Howdy, Stranger!

It looks like you're new here. If you want to get involved, click one of these buttons!

In this Discussion

CUDA 4.1 RC2 Compiler Changes / "Broken" Code ? [updated]
  • Hi,

    with the new CUDA Compiler i have several problems/issues:

    The compiler seems more stupid.


    Example:

    uint64_t tmp = 0;
    for(uint32_t j=0; j < 64; j++)
    tmp |= (( cipherbits[j] & ( (uint64_t)1<<(keynr) ) )>>(keynr) )<<((uint64_t)j);

    This worked fine with the old compilers. All used variables are of type uint64_t or casted to uint64_t.
    But now if have to use this one or the code delivers unexpected results:

    uint64_t tmp = 0;
    for(uint32_t j=0; j < 64; j++)
    tmp |= (uint64_t)((uint64_t)( cipherbits[j] & (uint64_t)( (uint64_t)1<<(keynr) ) )>>(keynr) )<<((uint64_t)j);

    This issue seems located at another part of the source. I could not locate the issue right now.

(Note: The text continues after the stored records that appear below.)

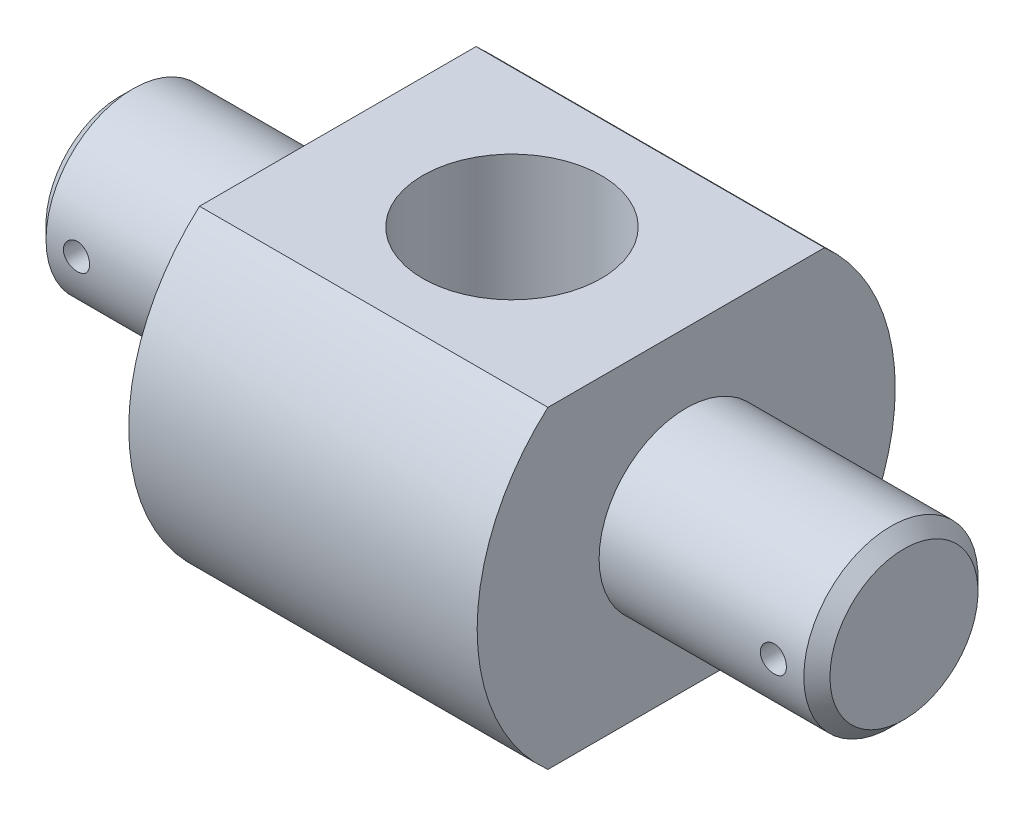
ISO-10303-21;
HEADER;
FILE_DESCRIPTION(('STEP AP214'),'2;1');
FILE_NAME('part.step','',(''),(''),'','','');
FILE_SCHEMA(('AUTOMOTIVE_DESIGN { 1 0 10303 214 1 1 1 1 }'));
ENDSEC;
DATA;
#1=APPLICATION_CONTEXT('core data for automotive mechanical design processes');
#2=APPLICATION_PROTOCOL_DEFINITION('international standard','automotive_design',2000,#1);
#3=PRODUCT_CONTEXT('',#1,'mechanical');
#4=PRODUCT('Part','Part','',(#3));
#5=PRODUCT_RELATED_PRODUCT_CATEGORY('part','',(#4));
#6=PRODUCT_DEFINITION_FORMATION('','',#4);
#7=PRODUCT_DEFINITION_CONTEXT('part definition',#1,'design');
#8=PRODUCT_DEFINITION('design','',#6,#7);
#9=PRODUCT_DEFINITION_SHAPE('','',#8);
#10=(LENGTH_UNIT() NAMED_UNIT(*) SI_UNIT(.MILLI.,.METRE.));
#11=(NAMED_UNIT(*) PLANE_ANGLE_UNIT() SI_UNIT($,.RADIAN.));
#12=(NAMED_UNIT(*) SI_UNIT($,.STERADIAN.) SOLID_ANGLE_UNIT());
#13=UNCERTAINTY_MEASURE_WITH_UNIT(LENGTH_MEASURE(1.E-05),#10,'distance_accuracy_value','');
#14=(GEOMETRIC_REPRESENTATION_CONTEXT(3) GLOBAL_UNCERTAINTY_ASSIGNED_CONTEXT((#13)) GLOBAL_UNIT_ASSIGNED_CONTEXT((#10,
#11,#12)) REPRESENTATION_CONTEXT('',''));
#15=CARTESIAN_POINT('',(0.,0.,0.));
#16=DIRECTION('',(0.,0.,1.));
#17=DIRECTION('',(1.,0.,0.));
#18=AXIS2_PLACEMENT_3D('',#15,#16,#17);
#19=CARTESIAN_POINT('',(0.,0.,0.));
#20=DIRECTION('',(-1.,0.,0.));
#21=DIRECTION('',(0.,0.,1.));
#22=AXIS2_PLACEMENT_3D('',#19,#20,#21);
#23=CYLINDRICAL_SURFACE('',#22,24.);
#24=CARTESIAN_POINT('',(65.,0.,0.));
#25=DIRECTION('',(-1.,0.,0.));
#26=DIRECTION('',(0.,0.,1.));
#27=AXIS2_PLACEMENT_3D('',#24,#25,#26);
#28=CIRCLE('',#27,24.);
#29=CARTESIAN_POINT('',(65.,18.,-15.8745078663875));
#30=VERTEX_POINT('',#29);
#31=CARTESIAN_POINT('',(65.,-18.,-15.8745078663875));
#32=VERTEX_POINT('',#31);
#33=EDGE_CURVE('E92',#30,#32,#28,.T.);
#34=ORIENTED_EDGE('',*,*,#33,.T.);
#35=DIRECTION('',(-1.,0.,0.));
#36=VECTOR('',#35,1.);
#37=CARTESIAN_POINT('',(0.,-18.,-15.8745078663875));
#38=LINE('',#37,#36);
#39=CARTESIAN_POINT('',(25.,-18.,-15.8745078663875));
#40=VERTEX_POINT('',#39);
#41=EDGE_CURVE('E54',#32,#40,#38,.T.);
#42=ORIENTED_EDGE('',*,*,#41,.T.);
#43=CARTESIAN_POINT('',(25.,0.,0.));
#44=DIRECTION('',(-1.,0.,0.));
#45=DIRECTION('',(0.,0.,1.));
#46=AXIS2_PLACEMENT_3D('',#43,#44,#45);
#47=CIRCLE('',#46,24.);
#48=CARTESIAN_POINT('',(25.,18.,-15.8745078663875));
#49=VERTEX_POINT('',#48);
#50=EDGE_CURVE('E100',#49,#40,#47,.T.);
#51=ORIENTED_EDGE('',*,*,#50,.F.);
#52=DIRECTION('',(-1.,0.,0.));
#53=VECTOR('',#52,1.);
#54=CARTESIAN_POINT('',(0.,18.,-15.8745078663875));
#55=LINE('',#54,#53);
#56=EDGE_CURVE('E205',#49,#30,#55,.F.);
#57=ORIENTED_EDGE('',*,*,#56,.T.);
#58=EDGE_LOOP('',(#34,#42,#51,#57));
#59=FACE_BOUND('',#58,.T.);
#60=ADVANCED_FACE('F33',(#59),#23,.T.);
#61=CARTESIAN_POINT('',(0.,0.,0.));
#62=DIRECTION('',(1.,0.,0.));
#63=DIRECTION('',(0.,0.,-1.));
#64=AXIS2_PLACEMENT_3D('',#61,#62,#63);
#65=PLANE('',#64);
#66=CARTESIAN_POINT('',(0.,0.,0.));
#67=DIRECTION('',(1.,0.,0.));
#68=DIRECTION('',(0.,0.,-1.));
#69=AXIS2_PLACEMENT_3D('',#66,#67,#68);
#70=CIRCLE('',#69,8.49999999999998);
#71=CARTESIAN_POINT('',(0.,0.,-8.49999999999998));
#72=VERTEX_POINT('',#71);
#73=EDGE_CURVE('E112',#72,#72,#70,.F.);
#74=ORIENTED_EDGE('',*,*,#73,.T.);
#75=EDGE_LOOP('',(#74));
#76=FACE_BOUND('',#75,.T.);
#77=ADVANCED_FACE('F35',(#76),#65,.F.);
#78=CARTESIAN_POINT('',(0.,0.,0.));
#79=DIRECTION('',(-1.,0.,0.));
#80=DIRECTION('',(0.,0.,1.));
#81=AXIS2_PLACEMENT_3D('',#78,#79,#80);
#82=CYLINDRICAL_SURFACE('',#81,9.99999999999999);
#83=CARTESIAN_POINT('',(6.5,0.,9.99999999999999));
#84=CARTESIAN_POINT('',(6.49999654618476,-0.0837515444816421,9.99999865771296));
#85=CARTESIAN_POINT('',(6.49296199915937,-0.167551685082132,9.99893682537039));
#86=CARTESIAN_POINT('',(6.46501680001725,-0.332809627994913,9.99480315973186));
#87=CARTESIAN_POINT('',(6.44409263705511,-0.414265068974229,9.99172936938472));
#88=CARTESIAN_POINT('',(6.38900749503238,-0.57241808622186,9.98391721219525));
#89=CARTESIAN_POINT('',(6.35485652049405,-0.649119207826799,9.97918010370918));
#90=CARTESIAN_POINT('',(6.27431162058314,-0.795690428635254,9.96856475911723));
#91=CARTESIAN_POINT('',(6.22791939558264,-0.865561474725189,9.96268668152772));
#92=CARTESIAN_POINT('',(6.12382273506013,-0.997046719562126,9.95039170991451));
#93=CARTESIAN_POINT('',(6.0660415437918,-1.0585998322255,9.9439713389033));
#94=CARTESIAN_POINT('',(5.94097231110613,-1.17117490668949,9.93134261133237));
#95=CARTESIAN_POINT('',(5.87368372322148,-1.22219626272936,9.92513426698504));
#96=CARTESIAN_POINT('',(5.73109935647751,-1.31249729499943,9.91359877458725));
#97=CARTESIAN_POINT('',(5.65576575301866,-1.35171787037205,9.9082761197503));
#98=CARTESIAN_POINT('',(5.49948717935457,-1.41692632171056,9.89916211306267));
#99=CARTESIAN_POINT('',(5.41854251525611,-1.44291491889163,9.89537067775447));
#100=CARTESIAN_POINT('',(5.25398195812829,-1.48073198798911,9.88978256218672));
#101=CARTESIAN_POINT('',(5.17039060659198,-1.49266503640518,9.88797115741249));
#102=CARTESIAN_POINT('',(5.00237383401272,-1.50235624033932,9.88650348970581));
#103=CARTESIAN_POINT('',(4.91794846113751,-1.50011520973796,9.88684710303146));
#104=CARTESIAN_POINT('',(4.75139891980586,-1.48160733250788,9.88963718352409));
#105=CARTESIAN_POINT('',(4.6692614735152,-1.4654569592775,9.89206618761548));
#106=CARTESIAN_POINT('',(4.50887563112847,-1.41977117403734,9.89872608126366));
#107=CARTESIAN_POINT('',(4.43062734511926,-1.39023538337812,9.90295702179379));
#108=CARTESIAN_POINT('',(4.27988662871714,-1.31849603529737,9.9127633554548));
#109=CARTESIAN_POINT('',(4.20741803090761,-1.27624314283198,9.91834396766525));
#110=CARTESIAN_POINT('',(4.07055540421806,-1.18030413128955,9.93021707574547));
#111=CARTESIAN_POINT('',(4.00616190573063,-1.12661726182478,9.936509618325));
#112=CARTESIAN_POINT('',(3.88660233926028,-1.00869493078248,9.94917473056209));
#113=CARTESIAN_POINT('',(3.83153500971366,-0.944359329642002,9.95554747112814));
#114=CARTESIAN_POINT('',(3.73296406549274,-0.807307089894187,9.96759647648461));
#115=CARTESIAN_POINT('',(3.6894605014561,-0.73459041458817,9.97327273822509));
#116=CARTESIAN_POINT('',(3.61524691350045,-0.582754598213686,9.98329515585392));
#117=CARTESIAN_POINT('',(3.5845445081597,-0.50363167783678,9.98764051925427));
#118=CARTESIAN_POINT('',(3.53689061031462,-0.341273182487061,9.99450490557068));
#119=CARTESIAN_POINT('',(3.51993818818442,-0.258037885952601,9.99702405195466));
#120=CARTESIAN_POINT('',(3.5003967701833,-0.090669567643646,9.9999358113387));
#121=CARTESIAN_POINT('',(3.49767202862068,-0.00655273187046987,10.0003485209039));
#122=CARTESIAN_POINT('',(3.50630300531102,0.160936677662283,9.99905561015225));
#123=CARTESIAN_POINT('',(3.5176582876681,0.244309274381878,9.99735005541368));
#124=CARTESIAN_POINT('',(3.55401410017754,0.407532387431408,9.99202468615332));
#125=CARTESIAN_POINT('',(3.57894849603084,0.487397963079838,9.98841415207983));
#126=CARTESIAN_POINT('',(3.64168499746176,0.641814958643,9.97968235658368));
#127=CARTESIAN_POINT('',(3.67948770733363,0.7163661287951,9.97456102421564));
#128=CARTESIAN_POINT('',(3.76720622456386,0.858634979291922,9.96332682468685));
#129=CARTESIAN_POINT('',(3.81720814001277,0.926299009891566,9.95720701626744));
#130=CARTESIAN_POINT('',(3.92778581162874,1.05232367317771,9.94467863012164));
#131=CARTESIAN_POINT('',(3.98836218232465,1.1106837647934,9.93827003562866));
#132=CARTESIAN_POINT('',(4.11897353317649,1.21693784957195,9.92582264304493));
#133=CARTESIAN_POINT('',(4.18908292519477,1.26474084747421,9.91978736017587));
#134=CARTESIAN_POINT('',(4.33641604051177,1.34789129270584,9.90883219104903));
#135=CARTESIAN_POINT('',(4.41363957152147,1.38323907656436,9.90391227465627));
#136=CARTESIAN_POINT('',(4.57273753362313,1.44033467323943,9.89577033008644));
#137=CARTESIAN_POINT('',(4.65459446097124,1.46213037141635,9.89254233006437));
#138=CARTESIAN_POINT('',(4.82085901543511,1.49165549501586,9.88813382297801));
#139=CARTESIAN_POINT('',(4.90526646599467,1.49938589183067,9.8869531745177));
#140=CARTESIAN_POINT('',(5.07332906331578,1.5005378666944,9.8867783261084));
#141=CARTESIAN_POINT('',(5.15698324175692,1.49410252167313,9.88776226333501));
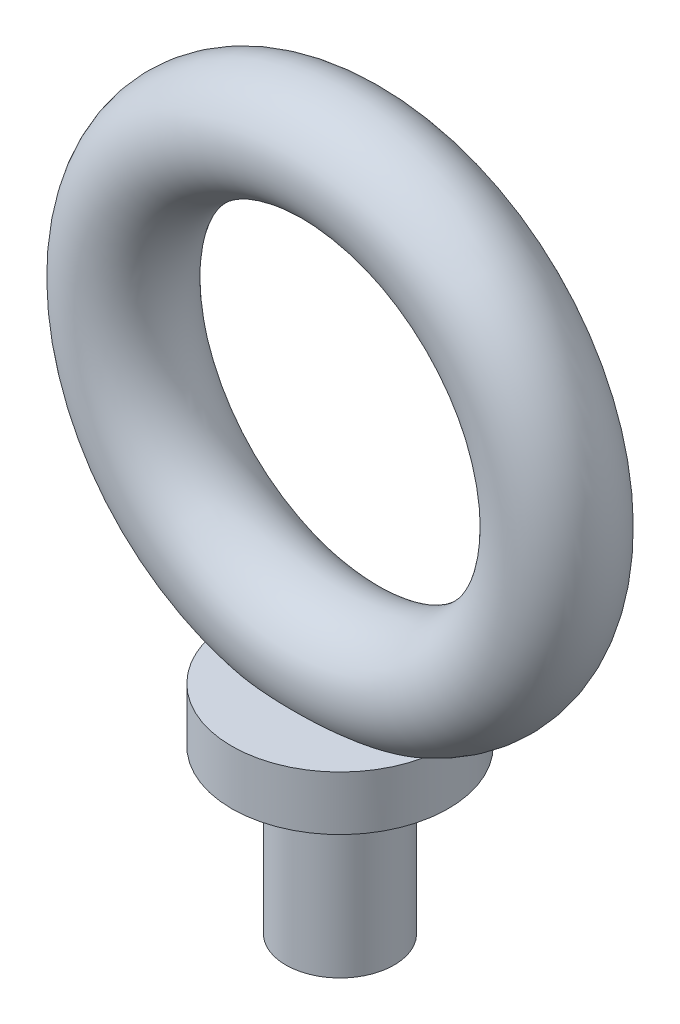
from build123d import *
from build123d.topology import SkipClean

# Parameters (mm, degrees)
SKETCH1_R      = 6.35
EXTRUDE1_DEPTH = 25.4
SKETCH2_R      = 12.7
EXTRUDE2_DEPTH = 6.35
SKETCH3_R      = 6.35


with BuildPart() as part:
    # Sketch1 → Extrude1 (new body)
    with BuildSketch(Plane(origin=(0, 0, 0), x_dir=(1, 0, 0), z_dir=(0, 1, 0))):
        with Locations(Location((0, 0, 0), (0, 0, 270))):
            Circle(SKETCH1_R)
    extrude(amount=EXTRUDE1_DEPTH)

    # Sketch2 → Extrude2 (add)
    with BuildSketch(Plane(origin=(0, 25.4, 0), x_dir=(-1, 0, 0), z_dir=(0, 1, 0))):
        with Locations(Location((0, 0, 0), (0, 0, 90))):
            Circle(SKETCH2_R)
    extrude(amount=-EXTRUDE2_DEPTH)

    # Sweep2: sweep along a path in Sketch7
    with SkipClean():  # the faces are left unmerged after this step: merging them gives an invalid solid
        with BuildLine(Plane.XY) as sweep2_path:
            CenterArc((0, 53.975), 25.4, 0, 360)
        # Sketch3 → Sweep2 (sweep)
        with BuildSketch(Plane(origin=(0, 0, 0), x_dir=(0, 0, -1), z_dir=(1, 0, 0))):
            with Locations((0, 28.575)):
                Circle(SKETCH3_R)
        sweep(path=sweep2_path.line)


solid = part.part

    The compiler seems broken in at least one case


    After having a look at the ptx Code generated by the compiler i could not realize what the new nvcc tries there. The function in the Problem below seems to produce the unexpected results here.
    The ptx source for the specific function has about the 5x more lines then with nvcc 4.0.
    Here some details from the ptx files:

    .reg .u32 %r<10>;
    .reg .u64 %rd<11060>;


    .reg .s32 %r<901>;
    .reg .s64 %rl<10245>;

    Why does the nvcc 4.1 need 90x more 32bit registers the the old one? And why are the registers SIGNED? We need unsigned. That seems to be the problem.

    Also the bar.sync Calls seems to be messed up. There is one __sync call just before the final operation (simple addition in specific threads). But after the last call with the new compiler, there follows >10.000 lines of code WITHOUT any bra. So i could not see where the code does sync the threads before the final operation.


    The same code needs more registers


    With the old compilers, the example kernel used 39 registers per thread. The kernel does heavy bitwise operations on uint64_t values.
    Now the same code uses all 63 regisrers and does register spilling:

    ptxas info : Compiling entry function '_Z6phase1P9device' for 'sm_21'
    ptxas info : Function properties for _Z6phase1P9device
    0 bytes stack frame, 0 bytes spill stores, 0 bytes spill loads
    ptxas info : Used 39 registers, 36 bytes cmem[0], 12 bytes cmem[14]


    ptxas info : Compiling entry function '_Z6phase1P9device' for 'sm_21'
    ptxas info : Function properties for _Z6phase1P9device
    5768 bytes stack frame, 5768 bytes spill stores, 7192 bytes spill loads
    ptxas info : Used 63 registers, 40 bytes cmem[0], 40 bytes cmem[14]


    We have invested hours to resolve the register bottleneck in the specific function. So will there be any fix? Or is there a known workaround for the high register usage (compiler options?)?

    The new compiler is not usable for us at all and breaks our project. If there will be no fix, this CUDA project died after 6 Months of development! Please help!



    Thomas
  • 2 Comments sorted by
  • I have the same problem and nobody from cuda gives solutions to us.